The narrator goes on to confess that this dream is a vivid though distorted return to the past and a door she once did open, and should never have. The novel then goes back in time, and who she betrayed, and how, and why, slowly unfurls. The reader, filled with terrible knowledge of a predicted doom, understands more than any of the characters–including the self-justifying narrator–and yet the pages turn, in this case for, I think, two reasons. One, the nature of that inevitable and yet unplanned betrayal isn’t clear until it finally occurs, and two, the reader comes to care so much about the two main characters that he/she continues reading with the frail, foolish and yet utterly human hope that what will happen will somehow be averted.

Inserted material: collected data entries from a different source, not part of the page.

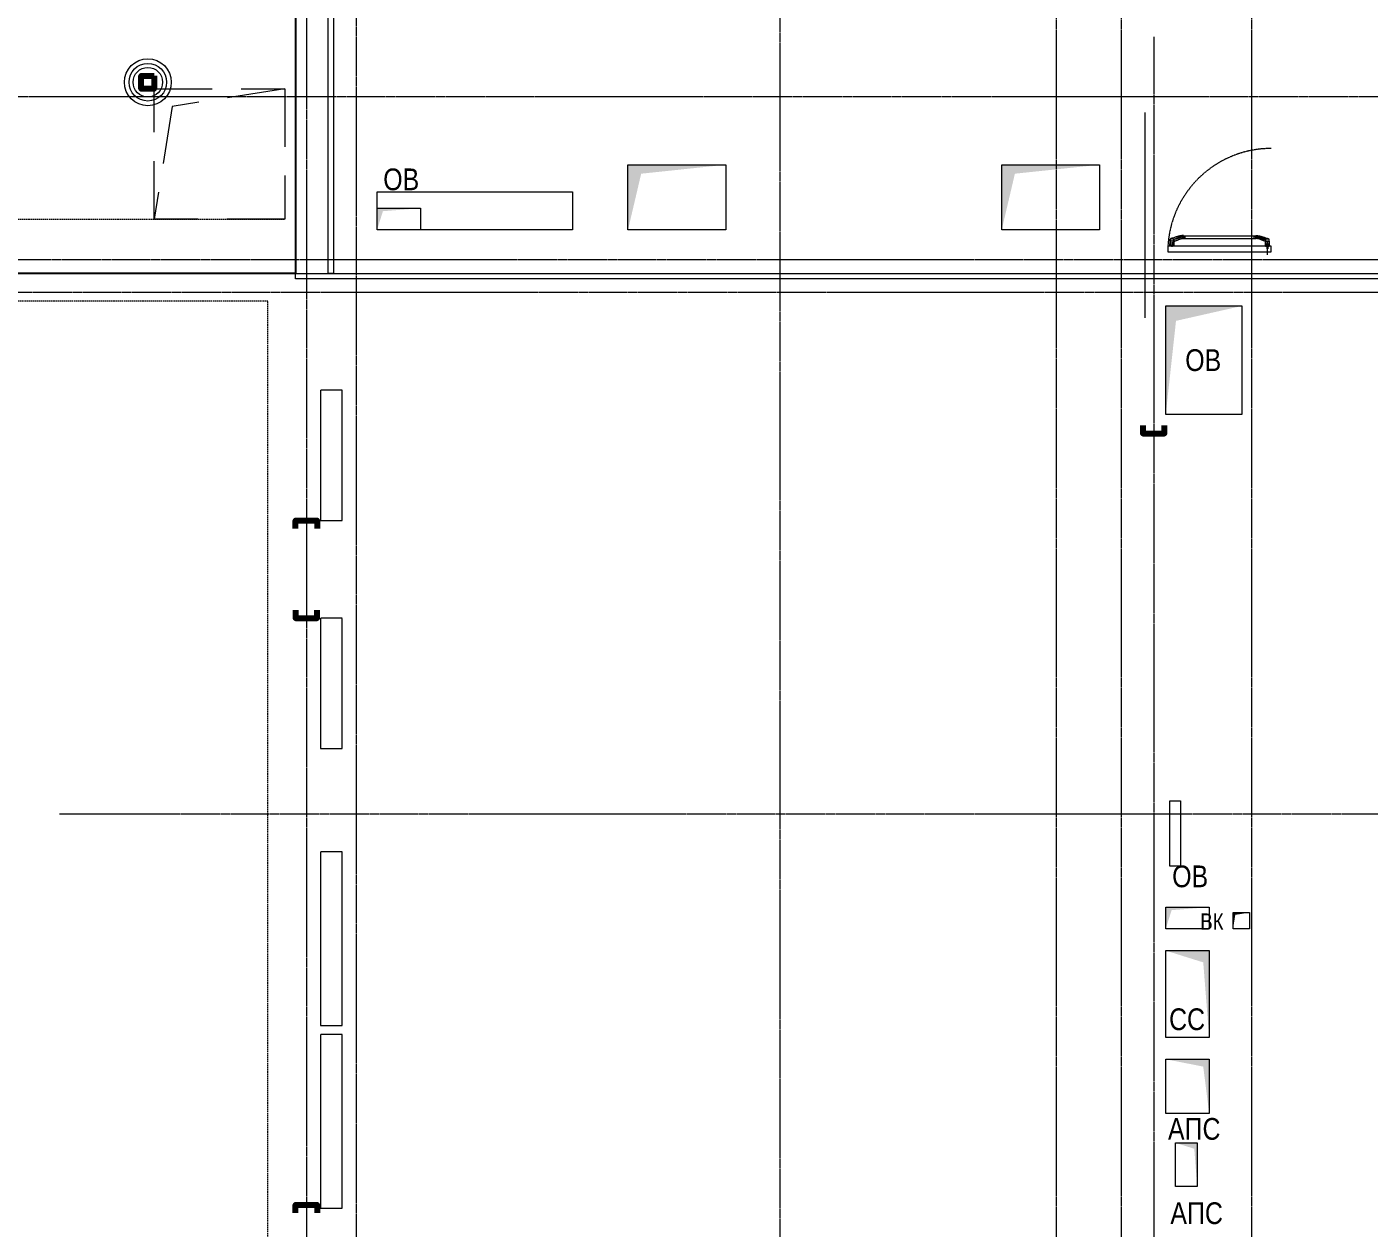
# Model space of a CAD drawing. Header units: millimetres. Extents: x -231292 to 573618, y -153144 to 564035.
# Drawn here: x -178748 to -166393, y 214980 to 226040 of the extents above; entities that cross this region are included whole.
import ezdxf

# ---------------------------------------------------------------- set-up
doc = ezdxf.new("R2010")
doc.units = ezdxf.units.MM
for name, pattern in [('CENTER2', [28.575, 19.05, -3.175, 3.175, -3.175]), ('CENTERLINE', [30, 12, -1.5, 3, -1.5, 12]), ('DASHED', [19.05, 12.7, -6.35]), ('HIDDEN', [9.525, 6.35, -3.175]), ('HIDDEN2', [4.7625, 3.175, -1.5875])]:
    doc.linetypes.add(name, pattern=pattern)
doc.layers.get('0').update_dxf_attribs({"color": 250})
for name, color, linetype, lineweight in [('АР_Двери_внутренние_антипаника', 250, 'Continuous', 0), ('АР_Колонны', 250, 'Continuous', 35), ('АР_Мебель', 250, 'Continuous', 5), ('АР_Отверстия', 250, 'Continuous', 9), ('АР_Отопительные приборы', 250, 'HIDDEN2', 0), ('АР_Тонкая', 250, 'Continuous', 5), ('Витражные конструкции', 252, 'Continuous', 15), ('ВК_Шахты', 5, 'Continuous', 9), ('ДШ_КР', 130, 'Continuous', 35), ('КМ_Фахверки', 250, 'Continuous', 80), ('ОВ_Классы', 250, 'Continuous', 0), ('ОВ_коллекторы', 250, 'Continuous', 30), ('ОВ_Отопление', 250, 'Continuous', 0), ('ОВ_Шахты', 250, 'Continuous', 5), ('ОВ_Шахты_блок 4.1', 250, 'Continuous', 5), ('РД_Оси_100', 250, 'Continuous', 0), ('СС_Отверстия', 250, 'Continuous', 9)]:
    doc.layers.add(name, color=color, linetype=linetype, lineweight=lineweight)
doc.layers.add('АР_Делит', color=250, linetype='Continuous', lineweight=0, plot=False)
doc.styles.add('style1', font='ARIALN.TTF')

# ---------------------------------------------------------------- blocks, each defined once
blk = doc.blocks.new('СОШ_2200_АР_ОСИ_М100_28.05.24')
at = {"layer": 'АР_Делит', "color": 5, "linetype": 'DASHED'}
blk.add_lwpolyline([(45245, 26755), (45245, 68320), (20455, 68320), (20455, 26755)], dxfattribs=at)
at = {"layer": 'РД_Оси_100', "linetype": 'CENTER2'}
for p, q in [((49960, -6155), (49960, 139938.679)), ((43327.994, 63600), (71363.995, 63600))]:
    blk.add_line(p, q, dxfattribs=at)
for points in [[(45530, 139938.679), (45600, 139538.679), (45600, -6163.457)], [(46060, -6163.105), (46060, 139538.679), (46130, 139938.679)], [(52500, 139938.679), (52500, -5755), (52358.276, -6155)], [(53100, 139938.679), (53100, -5755), (52949.266, -6155)], [(54300, 139938.679), (54300, -6155)], [(53400, 70753.904), (53400, -5755), (53550, -6155)], [(119910, 70200), (-5954.958, 70200)], [(95715.503, 68700), (-5454.958, 68700), (-5954.958, 68850)], [(78274.959, 68400), (-5454.958, 68400), (-5954.958, 68250)]]:
    blk.add_lwpolyline(points, dxfattribs=at)
blk = doc.blocks.new('otv')
at = {"linetype": 'Continuous'}
blk.add_lwpolyline([(0, -1), (0, 0), (1, 0), (1, -1)], close=True, dxfattribs=at)
blk.add_solid([(0, -1), (0, 0), (0.135, -0.137), (1, 0)], dxfattribs=at)
blk = doc.blocks.new('otv пунктир')
at = {"linetype": 'HIDDEN', "ltscale": 0.07}
blk.add_lwpolyline([(0, 0), (0, 1), (1, 1), (1, 0)], close=True, dxfattribs=at)
blk.add_lwpolyline([(0, 1), (0.135, 0.137), (1, 0)], dxfattribs=at)
blk = doc.blocks.new('Ф_пеноблок 200')
at = {"layer": 'КМ_Фахверки'}
blk.add_lwpolyline([(0, -75), (0, 0), (200, 0), (200, -75)], dxfattribs=at)
blk = doc.blocks.new('Ф_крпич 120')
at = {"layer": 'АР_Делит', "color": 1}
for radius in [216, 173, 136]:
    blk.add_circle((60, -60), radius, dxfattribs=at)
at = {"layer": 'КМ_Фахверки'}
blk.add_lwpolyline([(0, 0), (120, 0), (120, -120), (0, -120)], close=True, dxfattribs=at)
at = {"layer": 'КМ_Фахверки', "lineweight": 5}
blk.add_lwpolyline([(6, -6), (114, -6), (114, -114), (6, -114)], close=True, dxfattribs=at)
blk = doc.blocks.new('UUNEW01NEW00')
at = {"layer": 'АР_Двери_внутренние_антипаника', "color": 1, "linetype": 'Continuous'}
for p, q in [((-9.3, 0.2), (-14.4, -1.5)), ((-9.2, 0.8), (-9.3, 0.2)), ((-9.3, -0.1), (-9.3, 0.2)), ((-9.2, 0.2), (-9.3, 0.2)), ((-9.1, 1), (-9.2, 0.8)), ((-8.9, 0.5), (-9.2, 0.2)), ((-9.1, 19.3), (-8.9, 19.4)), ((-9.1, 19.3), (-9, 18.8)), ((-9, 1.2), (-9.1, 1)), ((-9, 18.8), (-8.8, 18.6)), ((-8.8, 1.3), (-9, 1.2)), ((-8.9, 19.4), (-8.5, 19.5)), ((-8.7, 0.8), (-8.9, 0.5)), ((-8.8, 18.6), (-8.6, 18.4)), ((-8.6, 0.9), (-8.7, 0.8)), ((-8.6, 18.4), (-8.4, 18.2)), ((-8.6, 1), (-8.6, 0.9)), ((-8.5, 1), (-8.6, 1)), ((-8.5, 19.5), (-8.2, 19.5)), ((-8.4, 0.8), (-8.5, 1.5)), ((-8.4, 1.3), (-8.5, 1)), ((-8.4, 18.2), (-8.1, 18.1)), ((-8.4, 1.4), (-8.4, 0.4)), ((-8.3, 0.5), (-8.4, 0.8)), ((-8.4, 0.4), (-8.4, -0.4)), ((-8.4, 0.4), (-8.3, 0.4)), ((-8.1, 0.2), (-8.3, 0.5)), ((-8.2, 19.5), (-7.8, 19.6)), ((-8.1, 18.1), (-7.6, 18)), ((-7.8, 0.1), (-8.1, 0.2)), ((-7.8, 19.6), (-7.5, 19.6)), ((-7.4, 0), (-7.8, 0.1)), ((-7.5, 18.3), (-7.6, 18.2)), ((-7.6, 18.2), (-7.6, 18)), ((-7.6, 18), (-7.6, 16.2)), ((-7.6, 16.2), (-7.6, 14.1)), ((-7.6, 14.1), (-7.6, 12.2)), ((-7.6, 12.2), (-7.6, 9.8)), ((-7.6, 9.8), (-7.6, 7.8)), ((-7.6, 7.8), (-7.6, 6.2)), ((-7.6, 6.2), (-7.6, 4.7)), ((-7.6, 4.7), (-7.5, 3.2)), ((-7.5, 19.6), (-7.1, 19.6)), ((-7.4, 18.3), (-7.5, 18.3)), ((-7.5, 3.2), (-7.5, 1.6)), ((-7.5, 1.6), (-7.4, 0)), ((-7.5, 0), (-7.5, 0)), ((-7.5, 0), (-7.3, 0)), ((-7.3, 18.3), (-7.4, 18.3)), ((-7.4, 0), (7.4, 0)), ((-7.2, 18.3), (-7.3, 18.3)), ((-7.3, 0), (7.3, 0)), ((-7.1, 18.3), (-7.2, 18.3)), ((-7.1, 24), (-7.1, 19.6)), ((-7.1, 19.6), (7.1, 19.6)), ((-7.1, 19.6), (-7.1, 18.3)), ((7.1, 18.3), (-7.1, 18.3)), ((-3.5, 16), (-4.6, 16.4)), ((-4.6, 16.4), (-4.6, 16.3)), ((-3.5, 15.9), (-4.6, 16.3)), ((-4.6, 16.3), (-3.8, 14.8)), ((-3.8, 14.8), (-3.3, 14.8)), ((-3, 14.7), (-3.8, 14.7)), ((-3.8, 14.7), (-3.8, 14.6)), ((-3, 14.6), (-3.8, 14.6)), ((-3.8, 14.6), (-3.8, 13.7)), ((-3.8, 13.7), (-3, 13.7)), ((-3.3, 14.8), (-3.6, 15.5)), ((-3.6, 15.5), (-2.7, 15.3)), ((-3.3, 14.9), (-3.6, 15.5)), ((-2.3, 15.7), (-3.5, 16)), ((-2.3, 15.6), (-3.5, 15.9)), ((-3.1, 14.4), (-3.4, 14.4)), ((-3.4, 14.4), (-3.4, 13.9)), ((-3.4, 14), (-3.1, 14)), ((-3.4, 13.9), (-3.1, 13.9)), ((-3.3, 14.9), (-3.3, 14.8)), ((-3, 14.4), (-3.1, 14.4)), ((-3.1, 14), (-3.1, 13.9)), ((-3.1, 14), (-3, 14)), ((-3.1, 13.9), (-3, 13.9)), ((-3, 14.7), (-3, 14.6)), ((-2.9, 14.7), (-3, 14.7)), ((-2.9, 14.6), (-3, 14.6)), ((-2.9, 14.4), (-3, 14.4)), ((-3, 14.4), (-3, 14.4)), ((-3, 14.4), (-3, 14.4)), ((-3, 14), (-3, 14)), ((-3, 14), (-3, 14)), ((-3, 14), (-2.9, 14)), ((-3, 13.9), (-3, 13.9)), ((-3, 13.9), (-3, 13.9)), ((-3, 13.9), (-2.9, 13.9)), ((-3, 13.7), (-2.9, 13.7)), ((-2.8, 14.7), (-2.9, 14.7)), ((-2.9, 14.7), (-2.9, 14.7)), ((-2.8, 14.5), (-2.9, 14.6)), ((-2.9, 14.6), (-2.9, 14.6)), ((-2.9, 14.3), (-2.9, 14.4)), ((-2.9, 14.3), (-2.9, 14.3)), ((-2.9, 14.3), (-2.9, 14.3)), ((-2.9, 14.3), (-2.9, 14.3)), ((-2.9, 14), (-2.9, 14.3)), ((-2.9, 14.1), (-2.9, 14)), ((-2.9, 14), (-2.9, 14.1)), ((-2.9, 14.1), (-2.9, 14.1)), ((-2.9, 14.1), (-2.9, 14.1)), ((-2.9, 14.1), (-2.9, 14.1)), ((-2.9, 14), (-2.9, 14)), ((-2.9, 13.9), (-2.9, 14)), ((-2.9, 14), (-2.9, 14)), ((-2.9, 14), (-2.9, 14)), ((-2.9, 13.9), (-2.9, 13.9)), ((-2.9, 13.9), (-2.9, 13.9)), ((-2.9, 13.7), (-2.8, 13.7)), ((-2.7, 14.6), (-2.8, 14.7)), ((-2.7, 14.5), (-2.8, 14.5)), ((-2.8, 13.7), (-2.8, 13.8)), ((-2.8, 13.8), (-2.7, 13.8)), ((-2.7, 15.3), (-1.7, 15.1)), ((-2.6, 14.6), (-2.7, 14.6)), ((-2.6, 14.5), (-2.7, 14.5)), ((-2.7, 13.8), (-2.6, 13.8)), ((-2.6, 14.5), (-2.6, 14.6)), ((-2.6, 14.6), (-2.6, 14.6)), ((-2.6, 14.4), (-2.6, 14.5)), ((-2.5, 14.5), (-2.6, 14.5)), ((-2.5, 14.4), (-2.6, 14.4)), ((-2.6, 14.4), (-2.6, 14.4)), ((-2.6, 13.8), (-2.6, 13.9)), ((-2.6, 13.9), (-2.5, 13.9)), ((-2.5, 14.4), (-2.5, 14.5)), ((-2.5, 14.4), (-2.5, 14.3)), ((-2.5, 14.3), (-2.5, 14.4)), ((-2.5, 14), (-2.5, 14.3)), ((-2.5, 13.9), (-2.5, 14)), ((-1, 15.5), (-2.3, 15.7)), ((-1, 15.4), (-2.3, 15.6)), ((-2.2, 14.5), (-2.3, 14.5)), ((-2.3, 14.5), (-2.3, 14.4)), ((-2.3, 14.4), (-2.3, 14.3)), ((-2.2, 14.4), (-2.3, 14.4)), ((-2.3, 14.4), (-2.3, 14.3)), ((-2.3, 14.3), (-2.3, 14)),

Why does the fuel of conflicted emotion drive us forward?

When I read the first page of Zombory-Moldován’s memoir, I found the description of his friends at the resort, who cannot see the future awaiting them, nearly unbearable to read, and yet I kept returning to and rereading the passage:

“The usual group of us had gone on an outing to Bribir. Knoll, who was a county magistrate, had planned the itinerary . . . Judge Kriegl’s two daughters were lively young women, and easy company. Antal Hajnal, from the Franklin publishing house, was there; his factotum, Jankoviusz, flirted outrageously with one of the Kriegl girls. There was much eating and drinking of vino nero, and almost childlike high spirits . . .”

And soon, all to be altered! I couldn’t help being reminded that everyone has some sort of life-altering event, whether caused by an unexpected historical crisis or a family drama, that scorches the past into an eternal before. Though Zombory-Moldován’s memoir takes place over a century ago, and in a country far from my experience until my visit, it haunts because we are all haunted by at least one border between before and after.

The narrator of The Door is haunted by a similar border: a door remains closed, that door is opened, and all is changed. And no manner of regret will undo what was done. And no reader is a stranger to that regret, however personal and secret his or hers might be. Thus does the “local” of a book expand to the “global” of the memories of every potential reader. The best books give us the guise of ourselves, their time and place become our own, as we relive what has been irrevocably lived.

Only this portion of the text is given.